The first call to our API is always extremely slow. For example, below demonstrates the CPU usage and time it takes for the first call to complete:
The first call can take up to 30 seconds and eats almost 100% CPU. Call 2 and 3 take 200ms (as they should). After recycling the application pool, it will do the same thing with the first call.

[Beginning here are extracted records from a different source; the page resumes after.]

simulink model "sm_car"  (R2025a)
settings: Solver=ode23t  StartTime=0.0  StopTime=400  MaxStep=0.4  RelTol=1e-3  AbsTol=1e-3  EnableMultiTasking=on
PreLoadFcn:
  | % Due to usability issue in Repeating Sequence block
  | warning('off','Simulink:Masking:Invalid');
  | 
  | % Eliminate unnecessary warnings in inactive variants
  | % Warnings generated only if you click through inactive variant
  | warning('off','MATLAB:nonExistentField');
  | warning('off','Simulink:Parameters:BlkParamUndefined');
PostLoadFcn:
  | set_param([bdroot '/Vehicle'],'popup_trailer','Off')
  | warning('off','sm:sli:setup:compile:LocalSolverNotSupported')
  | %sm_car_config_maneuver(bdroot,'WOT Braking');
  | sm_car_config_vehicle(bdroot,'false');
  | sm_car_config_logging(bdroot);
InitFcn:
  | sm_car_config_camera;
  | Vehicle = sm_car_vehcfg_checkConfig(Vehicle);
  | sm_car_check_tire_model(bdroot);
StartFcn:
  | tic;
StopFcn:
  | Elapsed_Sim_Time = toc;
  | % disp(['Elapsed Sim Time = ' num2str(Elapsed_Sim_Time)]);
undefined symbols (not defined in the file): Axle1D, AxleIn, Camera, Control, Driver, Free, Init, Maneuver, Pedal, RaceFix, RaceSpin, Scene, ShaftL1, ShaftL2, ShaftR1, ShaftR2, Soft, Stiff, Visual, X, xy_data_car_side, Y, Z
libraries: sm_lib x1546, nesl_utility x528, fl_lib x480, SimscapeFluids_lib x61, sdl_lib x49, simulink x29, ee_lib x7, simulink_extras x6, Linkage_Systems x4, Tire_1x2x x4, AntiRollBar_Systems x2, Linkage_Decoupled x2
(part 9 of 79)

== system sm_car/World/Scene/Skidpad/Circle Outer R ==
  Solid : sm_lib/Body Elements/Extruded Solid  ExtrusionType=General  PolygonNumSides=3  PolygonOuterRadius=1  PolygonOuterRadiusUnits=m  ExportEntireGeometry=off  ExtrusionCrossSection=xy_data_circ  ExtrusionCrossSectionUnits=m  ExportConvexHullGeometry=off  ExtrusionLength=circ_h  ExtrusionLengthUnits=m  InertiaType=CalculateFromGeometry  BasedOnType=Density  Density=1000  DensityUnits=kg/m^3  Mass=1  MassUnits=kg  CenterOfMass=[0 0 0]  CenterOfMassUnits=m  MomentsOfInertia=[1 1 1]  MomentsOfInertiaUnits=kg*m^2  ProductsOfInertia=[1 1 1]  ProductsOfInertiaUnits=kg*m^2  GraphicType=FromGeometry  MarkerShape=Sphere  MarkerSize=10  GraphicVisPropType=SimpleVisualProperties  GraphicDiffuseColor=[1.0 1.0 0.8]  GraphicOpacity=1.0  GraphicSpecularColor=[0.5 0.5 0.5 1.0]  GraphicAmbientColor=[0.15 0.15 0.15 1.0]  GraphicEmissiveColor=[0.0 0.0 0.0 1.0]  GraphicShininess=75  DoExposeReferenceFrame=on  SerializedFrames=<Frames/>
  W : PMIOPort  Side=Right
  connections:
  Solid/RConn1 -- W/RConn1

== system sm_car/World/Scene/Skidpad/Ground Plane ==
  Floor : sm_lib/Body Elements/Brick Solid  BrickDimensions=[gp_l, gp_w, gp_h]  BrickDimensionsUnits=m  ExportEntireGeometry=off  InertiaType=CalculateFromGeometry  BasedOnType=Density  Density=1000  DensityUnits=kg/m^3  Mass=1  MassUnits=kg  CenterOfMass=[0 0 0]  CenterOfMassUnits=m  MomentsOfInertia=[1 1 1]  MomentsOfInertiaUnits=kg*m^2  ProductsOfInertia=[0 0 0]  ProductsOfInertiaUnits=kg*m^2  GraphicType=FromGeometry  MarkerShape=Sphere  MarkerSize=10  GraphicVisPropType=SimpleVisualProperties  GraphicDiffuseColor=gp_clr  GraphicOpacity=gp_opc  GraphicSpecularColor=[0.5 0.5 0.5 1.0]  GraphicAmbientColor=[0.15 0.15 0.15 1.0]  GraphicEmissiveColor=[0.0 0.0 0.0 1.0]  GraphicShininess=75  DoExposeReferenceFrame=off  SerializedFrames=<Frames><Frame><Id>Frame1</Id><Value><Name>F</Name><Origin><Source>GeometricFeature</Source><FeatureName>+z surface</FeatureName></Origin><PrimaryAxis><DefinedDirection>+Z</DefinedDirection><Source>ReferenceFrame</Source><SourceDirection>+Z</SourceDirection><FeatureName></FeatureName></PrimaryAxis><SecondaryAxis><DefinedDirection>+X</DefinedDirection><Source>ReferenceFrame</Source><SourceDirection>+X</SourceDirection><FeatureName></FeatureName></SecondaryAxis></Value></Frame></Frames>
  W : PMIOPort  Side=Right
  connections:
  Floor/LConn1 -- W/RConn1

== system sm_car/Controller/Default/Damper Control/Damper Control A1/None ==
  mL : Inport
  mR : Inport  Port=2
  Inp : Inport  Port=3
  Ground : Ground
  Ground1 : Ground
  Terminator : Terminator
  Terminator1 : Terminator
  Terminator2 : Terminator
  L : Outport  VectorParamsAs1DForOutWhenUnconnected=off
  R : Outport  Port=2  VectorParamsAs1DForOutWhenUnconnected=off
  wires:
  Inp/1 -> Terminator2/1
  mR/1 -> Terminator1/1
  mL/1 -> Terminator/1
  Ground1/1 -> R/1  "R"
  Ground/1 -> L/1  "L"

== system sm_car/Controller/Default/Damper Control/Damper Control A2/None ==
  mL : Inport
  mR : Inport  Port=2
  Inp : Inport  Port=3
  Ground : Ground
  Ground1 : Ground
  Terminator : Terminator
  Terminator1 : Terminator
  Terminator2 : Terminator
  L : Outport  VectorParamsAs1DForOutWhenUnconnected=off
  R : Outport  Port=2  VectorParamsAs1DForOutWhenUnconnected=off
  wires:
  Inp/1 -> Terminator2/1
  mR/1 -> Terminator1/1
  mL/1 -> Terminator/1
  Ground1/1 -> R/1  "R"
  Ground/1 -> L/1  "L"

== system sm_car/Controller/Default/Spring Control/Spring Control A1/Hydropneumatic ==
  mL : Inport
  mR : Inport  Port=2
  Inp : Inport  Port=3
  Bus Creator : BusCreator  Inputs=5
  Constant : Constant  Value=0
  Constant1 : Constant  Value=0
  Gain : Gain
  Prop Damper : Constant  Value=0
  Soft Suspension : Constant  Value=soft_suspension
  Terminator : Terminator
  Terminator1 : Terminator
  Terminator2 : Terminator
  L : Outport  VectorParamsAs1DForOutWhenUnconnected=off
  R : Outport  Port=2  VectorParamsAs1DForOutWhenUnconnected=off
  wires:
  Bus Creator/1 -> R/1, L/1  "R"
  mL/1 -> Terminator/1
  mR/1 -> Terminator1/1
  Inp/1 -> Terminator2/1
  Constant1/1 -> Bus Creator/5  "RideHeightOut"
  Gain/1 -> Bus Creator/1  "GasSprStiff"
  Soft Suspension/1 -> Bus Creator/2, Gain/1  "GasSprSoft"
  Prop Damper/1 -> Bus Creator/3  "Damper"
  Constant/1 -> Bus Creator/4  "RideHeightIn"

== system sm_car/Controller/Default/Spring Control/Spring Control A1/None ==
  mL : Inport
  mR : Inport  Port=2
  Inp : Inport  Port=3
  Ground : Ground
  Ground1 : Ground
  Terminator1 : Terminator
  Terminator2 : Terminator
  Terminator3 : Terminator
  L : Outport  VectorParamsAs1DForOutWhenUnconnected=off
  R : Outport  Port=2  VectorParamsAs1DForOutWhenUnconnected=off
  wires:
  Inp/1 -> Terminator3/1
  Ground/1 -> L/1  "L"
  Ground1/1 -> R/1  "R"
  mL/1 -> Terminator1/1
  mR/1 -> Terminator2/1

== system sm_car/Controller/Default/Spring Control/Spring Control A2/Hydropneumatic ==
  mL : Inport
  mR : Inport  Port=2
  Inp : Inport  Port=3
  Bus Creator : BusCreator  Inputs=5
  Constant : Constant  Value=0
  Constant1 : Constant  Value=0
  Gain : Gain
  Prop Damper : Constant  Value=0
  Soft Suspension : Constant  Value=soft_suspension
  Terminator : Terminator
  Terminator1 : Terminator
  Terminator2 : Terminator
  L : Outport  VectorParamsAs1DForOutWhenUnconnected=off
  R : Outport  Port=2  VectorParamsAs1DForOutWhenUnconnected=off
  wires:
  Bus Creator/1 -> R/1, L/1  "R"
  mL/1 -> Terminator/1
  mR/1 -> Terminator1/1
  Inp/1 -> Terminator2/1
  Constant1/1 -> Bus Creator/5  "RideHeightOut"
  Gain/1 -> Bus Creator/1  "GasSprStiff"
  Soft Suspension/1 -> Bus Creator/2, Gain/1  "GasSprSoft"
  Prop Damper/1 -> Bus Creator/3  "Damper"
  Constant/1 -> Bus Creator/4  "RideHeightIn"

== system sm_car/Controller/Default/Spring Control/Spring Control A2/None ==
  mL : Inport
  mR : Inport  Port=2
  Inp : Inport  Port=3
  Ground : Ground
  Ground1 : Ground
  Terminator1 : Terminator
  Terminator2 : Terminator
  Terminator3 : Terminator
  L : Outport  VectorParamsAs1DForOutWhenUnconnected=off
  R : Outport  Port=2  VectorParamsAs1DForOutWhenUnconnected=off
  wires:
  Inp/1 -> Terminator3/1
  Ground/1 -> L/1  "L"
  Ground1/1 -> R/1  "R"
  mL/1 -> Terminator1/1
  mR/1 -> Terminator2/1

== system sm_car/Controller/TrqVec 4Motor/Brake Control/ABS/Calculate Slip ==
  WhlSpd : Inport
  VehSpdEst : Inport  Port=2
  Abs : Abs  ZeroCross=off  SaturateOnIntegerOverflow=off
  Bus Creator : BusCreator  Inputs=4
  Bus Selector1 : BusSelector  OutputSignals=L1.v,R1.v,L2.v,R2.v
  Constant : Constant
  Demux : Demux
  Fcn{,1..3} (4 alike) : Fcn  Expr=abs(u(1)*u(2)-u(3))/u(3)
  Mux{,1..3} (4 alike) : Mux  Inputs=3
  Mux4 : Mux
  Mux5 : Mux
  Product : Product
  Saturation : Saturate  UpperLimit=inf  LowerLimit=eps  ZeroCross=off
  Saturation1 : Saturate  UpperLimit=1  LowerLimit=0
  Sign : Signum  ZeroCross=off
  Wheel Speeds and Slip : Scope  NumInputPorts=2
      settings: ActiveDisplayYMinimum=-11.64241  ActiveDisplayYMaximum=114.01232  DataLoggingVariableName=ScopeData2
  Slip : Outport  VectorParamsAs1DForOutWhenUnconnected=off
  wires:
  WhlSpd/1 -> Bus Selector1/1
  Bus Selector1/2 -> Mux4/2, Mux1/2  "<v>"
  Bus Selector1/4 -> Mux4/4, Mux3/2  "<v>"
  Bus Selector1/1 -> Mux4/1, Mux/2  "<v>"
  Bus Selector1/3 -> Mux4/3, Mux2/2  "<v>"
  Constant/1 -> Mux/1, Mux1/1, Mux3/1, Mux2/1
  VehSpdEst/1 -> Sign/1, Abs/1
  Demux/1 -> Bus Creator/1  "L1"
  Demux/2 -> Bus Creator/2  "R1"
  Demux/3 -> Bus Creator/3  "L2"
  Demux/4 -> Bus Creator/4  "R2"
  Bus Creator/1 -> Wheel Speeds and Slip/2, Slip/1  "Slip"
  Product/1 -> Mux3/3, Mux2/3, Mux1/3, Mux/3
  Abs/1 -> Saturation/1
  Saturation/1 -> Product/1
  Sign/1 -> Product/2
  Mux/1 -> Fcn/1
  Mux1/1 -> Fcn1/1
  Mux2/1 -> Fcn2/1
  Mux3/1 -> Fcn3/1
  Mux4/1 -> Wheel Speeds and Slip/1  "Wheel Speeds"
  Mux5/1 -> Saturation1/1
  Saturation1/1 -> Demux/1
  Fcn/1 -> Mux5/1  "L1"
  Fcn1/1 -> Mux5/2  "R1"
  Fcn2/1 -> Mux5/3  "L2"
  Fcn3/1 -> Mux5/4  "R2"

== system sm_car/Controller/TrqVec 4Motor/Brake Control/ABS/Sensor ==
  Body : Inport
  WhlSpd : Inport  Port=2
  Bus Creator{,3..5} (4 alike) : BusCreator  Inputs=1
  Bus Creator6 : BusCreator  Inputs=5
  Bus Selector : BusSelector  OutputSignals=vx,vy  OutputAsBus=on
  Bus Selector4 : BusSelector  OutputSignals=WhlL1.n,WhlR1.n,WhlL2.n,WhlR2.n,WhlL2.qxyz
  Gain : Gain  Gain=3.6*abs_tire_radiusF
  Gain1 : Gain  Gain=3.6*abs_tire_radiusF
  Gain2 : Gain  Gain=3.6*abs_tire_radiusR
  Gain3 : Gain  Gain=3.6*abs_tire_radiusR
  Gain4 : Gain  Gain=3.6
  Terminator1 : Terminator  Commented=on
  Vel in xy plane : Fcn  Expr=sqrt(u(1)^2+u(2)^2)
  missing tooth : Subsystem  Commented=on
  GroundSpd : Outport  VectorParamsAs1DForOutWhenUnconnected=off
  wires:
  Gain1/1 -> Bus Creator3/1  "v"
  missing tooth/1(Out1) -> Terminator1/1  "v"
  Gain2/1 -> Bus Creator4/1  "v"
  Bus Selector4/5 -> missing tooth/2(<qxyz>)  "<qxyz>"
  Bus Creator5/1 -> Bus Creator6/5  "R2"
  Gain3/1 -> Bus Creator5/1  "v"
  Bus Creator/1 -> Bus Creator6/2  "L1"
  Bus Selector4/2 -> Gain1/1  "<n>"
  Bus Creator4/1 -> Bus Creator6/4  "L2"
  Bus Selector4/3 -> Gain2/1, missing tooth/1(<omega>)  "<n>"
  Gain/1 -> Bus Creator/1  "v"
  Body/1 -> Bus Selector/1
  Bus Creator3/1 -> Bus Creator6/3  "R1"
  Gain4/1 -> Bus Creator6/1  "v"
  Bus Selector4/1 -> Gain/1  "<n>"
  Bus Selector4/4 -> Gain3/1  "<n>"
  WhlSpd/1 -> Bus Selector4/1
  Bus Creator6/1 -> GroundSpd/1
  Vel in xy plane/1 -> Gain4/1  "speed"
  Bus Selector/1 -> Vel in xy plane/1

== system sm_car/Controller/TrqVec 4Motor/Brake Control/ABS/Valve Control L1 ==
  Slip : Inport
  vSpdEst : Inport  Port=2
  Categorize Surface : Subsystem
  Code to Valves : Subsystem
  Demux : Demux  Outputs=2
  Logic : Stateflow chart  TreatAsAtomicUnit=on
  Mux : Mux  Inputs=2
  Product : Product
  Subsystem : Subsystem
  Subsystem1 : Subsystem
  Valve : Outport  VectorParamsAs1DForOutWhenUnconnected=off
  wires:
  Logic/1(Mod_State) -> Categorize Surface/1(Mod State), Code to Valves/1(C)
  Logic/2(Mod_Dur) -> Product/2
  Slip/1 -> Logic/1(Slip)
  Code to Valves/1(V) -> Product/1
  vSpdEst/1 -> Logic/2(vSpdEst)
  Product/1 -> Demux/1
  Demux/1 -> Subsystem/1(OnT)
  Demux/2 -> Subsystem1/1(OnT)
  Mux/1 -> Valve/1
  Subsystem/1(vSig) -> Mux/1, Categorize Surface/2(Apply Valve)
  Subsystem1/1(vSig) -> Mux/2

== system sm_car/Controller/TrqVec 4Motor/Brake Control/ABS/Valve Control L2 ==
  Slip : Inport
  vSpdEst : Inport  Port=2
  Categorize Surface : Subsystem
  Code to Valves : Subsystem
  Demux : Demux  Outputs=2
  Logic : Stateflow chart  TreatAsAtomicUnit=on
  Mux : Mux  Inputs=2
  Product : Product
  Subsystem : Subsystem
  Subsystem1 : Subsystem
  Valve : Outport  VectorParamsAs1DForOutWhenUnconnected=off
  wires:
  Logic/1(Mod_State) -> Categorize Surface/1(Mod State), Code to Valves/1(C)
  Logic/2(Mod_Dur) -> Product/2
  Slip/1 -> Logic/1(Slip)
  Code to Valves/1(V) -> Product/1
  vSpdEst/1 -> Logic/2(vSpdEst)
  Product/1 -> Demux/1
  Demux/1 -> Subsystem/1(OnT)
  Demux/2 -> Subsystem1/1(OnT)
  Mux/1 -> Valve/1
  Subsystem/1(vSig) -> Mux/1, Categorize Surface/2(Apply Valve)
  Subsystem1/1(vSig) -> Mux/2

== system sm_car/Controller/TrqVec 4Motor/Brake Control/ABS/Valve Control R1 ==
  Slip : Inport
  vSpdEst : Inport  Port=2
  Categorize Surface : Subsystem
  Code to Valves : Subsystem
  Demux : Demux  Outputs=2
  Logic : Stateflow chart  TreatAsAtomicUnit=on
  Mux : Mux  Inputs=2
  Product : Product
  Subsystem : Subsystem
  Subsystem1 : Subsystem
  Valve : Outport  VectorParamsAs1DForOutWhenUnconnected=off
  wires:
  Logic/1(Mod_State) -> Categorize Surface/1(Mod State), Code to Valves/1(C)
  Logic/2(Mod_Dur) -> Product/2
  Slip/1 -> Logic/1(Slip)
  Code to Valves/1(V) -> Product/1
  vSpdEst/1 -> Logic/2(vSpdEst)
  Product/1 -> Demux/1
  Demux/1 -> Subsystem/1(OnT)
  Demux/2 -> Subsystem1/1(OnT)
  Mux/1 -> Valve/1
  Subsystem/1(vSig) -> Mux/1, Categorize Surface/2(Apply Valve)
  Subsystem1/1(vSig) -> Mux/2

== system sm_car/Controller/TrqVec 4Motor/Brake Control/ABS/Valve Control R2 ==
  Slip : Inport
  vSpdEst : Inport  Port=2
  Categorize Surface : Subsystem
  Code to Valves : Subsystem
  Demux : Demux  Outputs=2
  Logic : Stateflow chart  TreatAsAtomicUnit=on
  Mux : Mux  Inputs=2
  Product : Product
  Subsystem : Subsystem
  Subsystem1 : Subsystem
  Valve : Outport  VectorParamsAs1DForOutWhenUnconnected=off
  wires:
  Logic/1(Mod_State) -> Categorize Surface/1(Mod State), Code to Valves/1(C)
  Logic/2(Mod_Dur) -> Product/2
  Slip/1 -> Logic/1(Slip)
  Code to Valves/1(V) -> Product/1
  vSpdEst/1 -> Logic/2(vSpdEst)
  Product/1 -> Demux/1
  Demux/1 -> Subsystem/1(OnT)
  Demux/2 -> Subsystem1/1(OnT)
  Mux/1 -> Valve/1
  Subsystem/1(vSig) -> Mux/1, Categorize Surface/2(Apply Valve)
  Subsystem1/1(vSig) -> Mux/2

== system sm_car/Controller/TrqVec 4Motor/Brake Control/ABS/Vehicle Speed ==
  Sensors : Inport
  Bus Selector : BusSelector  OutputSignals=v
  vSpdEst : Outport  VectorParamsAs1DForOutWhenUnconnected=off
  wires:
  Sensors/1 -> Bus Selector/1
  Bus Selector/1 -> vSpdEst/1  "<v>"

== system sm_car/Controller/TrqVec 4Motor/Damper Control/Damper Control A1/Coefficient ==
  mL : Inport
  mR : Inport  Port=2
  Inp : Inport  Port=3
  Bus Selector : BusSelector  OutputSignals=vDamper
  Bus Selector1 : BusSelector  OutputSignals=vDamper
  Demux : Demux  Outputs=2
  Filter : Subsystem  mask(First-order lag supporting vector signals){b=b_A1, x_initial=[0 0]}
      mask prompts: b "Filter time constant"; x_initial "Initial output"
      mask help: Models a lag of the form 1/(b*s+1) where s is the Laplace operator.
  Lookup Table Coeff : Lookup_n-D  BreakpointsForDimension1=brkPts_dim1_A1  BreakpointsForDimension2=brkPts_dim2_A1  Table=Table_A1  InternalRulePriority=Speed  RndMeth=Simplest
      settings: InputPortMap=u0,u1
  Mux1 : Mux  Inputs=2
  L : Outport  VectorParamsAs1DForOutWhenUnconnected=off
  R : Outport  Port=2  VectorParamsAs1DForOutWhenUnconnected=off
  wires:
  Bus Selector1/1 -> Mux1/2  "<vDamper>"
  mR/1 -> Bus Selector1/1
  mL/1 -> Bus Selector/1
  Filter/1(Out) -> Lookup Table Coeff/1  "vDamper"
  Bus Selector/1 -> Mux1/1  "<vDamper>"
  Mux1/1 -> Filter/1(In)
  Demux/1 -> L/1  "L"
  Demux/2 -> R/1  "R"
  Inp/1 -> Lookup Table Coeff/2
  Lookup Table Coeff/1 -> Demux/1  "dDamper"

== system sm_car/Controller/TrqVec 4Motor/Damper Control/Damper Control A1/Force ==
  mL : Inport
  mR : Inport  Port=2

I've read a bit about IIS "warm-up" and done the following, but nothing has changed:
IIS 8 Application Initialization is installed:
I have the following set in IIS:
- Set Start Mode to AlwaysRunning:
- Set the Recycling Timeout to 0:
- Set the Idle Time-out to 0:
- Set Preload Enabled to true on the site:
I am actually setting these in code in RoleEntryPoint.OnStart()
.
using (var serverManager = new ServerManager())
{
serverManager.ApplicationPoolDefaults.ProcessModel.IdleTimeout = TimeSpan.Zero;
foreach (var application in serverManager.Sites.SelectMany(x => x.Applications))
{
application["preloadEnabled"] = true;
}
foreach (var applicationPool in serverManager.ApplicationPools)
{
applicationPool.AutoStart = true;
applicationPool["startMode"] = "AlwaysRunning";
applicationPool.ProcessModel.IdleTimeout = TimeSpan.Zero;
applicationPool.Recycling.PeriodicRestart.Time = TimeSpan.Zero;
}
serverManager.CommitChanges();
}
I am almost certain that Entity Framework could be the culprit:
We are generating models from around 100 tables in a EDMX model "designer".
We are generating precompiled views generated by EF Power Tools.
The following initialization is running in
Application_Start()
:using (var context = new MyContext()) { context.Database.Initialize(false); }
I don't have these "initialization" problems when debugging.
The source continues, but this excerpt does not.